Wordsfinder Extractor API (also known as Keyword Extractor API or Relevant Words Extractor API) is an automated technique that detects the most used and most relevant words and phrases from text data. It is an approach to get the core content of a text and obtain the most popular issues discussed. It uses ML (Machine Learning), AI (Artificial Intelligence) and NLP (Natural Language Processing) to analyze human language. It allows to detect keywords from documents, reports, social media reviews, forums, etc.
Manual extraction and analysis is time and money consuming. With this API you can skim a full data set to extract words that best describe and represent each review, in few seconds. You get immediate output of what consumers most frequently mention. It scours attributes in insights both in mobile and web version. It detects keywords or key phrases within text data.
Zyla Labs´ Wordsfinder Extractor API builds up word or tag clouds to show visualizations of the most often used words in given segments. The bigger words in the cloud are the most used. The word cloud generator in the API assists in extracting representative keywords from text.
Why Is Keyword Extraction Important?
The detected words in massive datasets furnish precious information of what consumers are concerned about. Automation assists in analyzing data more efficiently. Varied issues are reflected in extracted information: price, quality, satisfaction and dissatisfaction, etc. These judgements are instrumental to design business strategies, based on what consumers think of your products and services, and even what they think about your competitors.
No matter what your business activity is, Wordsfinder Extractor API is an essential tool to mark data, analyze a text and produce tag clouds with the most relevant keywords. It is functional and effective, its output is accurate, detection is in real time.

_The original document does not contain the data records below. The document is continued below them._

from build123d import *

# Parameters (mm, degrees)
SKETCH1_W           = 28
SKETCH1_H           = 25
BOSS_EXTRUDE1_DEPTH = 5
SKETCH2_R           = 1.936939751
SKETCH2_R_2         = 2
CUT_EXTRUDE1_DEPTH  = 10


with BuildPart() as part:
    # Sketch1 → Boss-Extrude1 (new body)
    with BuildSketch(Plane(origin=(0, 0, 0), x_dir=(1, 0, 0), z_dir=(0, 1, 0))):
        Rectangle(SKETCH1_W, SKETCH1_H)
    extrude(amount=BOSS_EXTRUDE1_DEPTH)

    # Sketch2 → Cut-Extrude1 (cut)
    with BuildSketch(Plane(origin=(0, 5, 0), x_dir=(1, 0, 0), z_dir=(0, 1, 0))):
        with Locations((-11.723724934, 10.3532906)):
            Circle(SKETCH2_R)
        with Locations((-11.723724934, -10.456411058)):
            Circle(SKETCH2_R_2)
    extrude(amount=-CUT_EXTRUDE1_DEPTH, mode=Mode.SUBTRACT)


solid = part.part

The output assists you in generating adjustments and improvements, in making decisions to optimize quality (product and service). On top of everything, keyword extraction models are easily set up and implemented. The results can consist of basic statistics strategies from counting word frequency, to more sophisticated approaches by opposing to previous models.
The former is one of the most rudimentary methods to spot and extract the main keywords and key phrases in a text set, detecting frequency, collocations and co-occurrences. These methods do not demand expertise, but as they are based on statistics they will certainly discard words mentioned just once but equally representative of the text segment. It counts words and frequency but does not consider meaning, structure, syntax and word sequence.
The latter instead indexes the most repeated words and phrases in a text. This is useful to recognize frequent terms in reviews and to find out the most repeated topics in text data.
How does the keyword extraction algorithm work? It generates keywords and key phrases from text data. It splits input text content by tokens. Then it extracts the most frequent words from the token list, to find the most common ones from the list. Ultimately, an embedding or representation is generated using given models.
Wordsfinder Extractor API makes use of accessory platforms (Relevant words extractor API, Relevant expressions extractor API and Key Chunk extractor API) that make of it a valuable tool for organizations to find out consumers` opinion, sentiment, emotion, approval, disapproval, etc., that guide corporations to improve productivity and generate competitive measures to satisfy the market.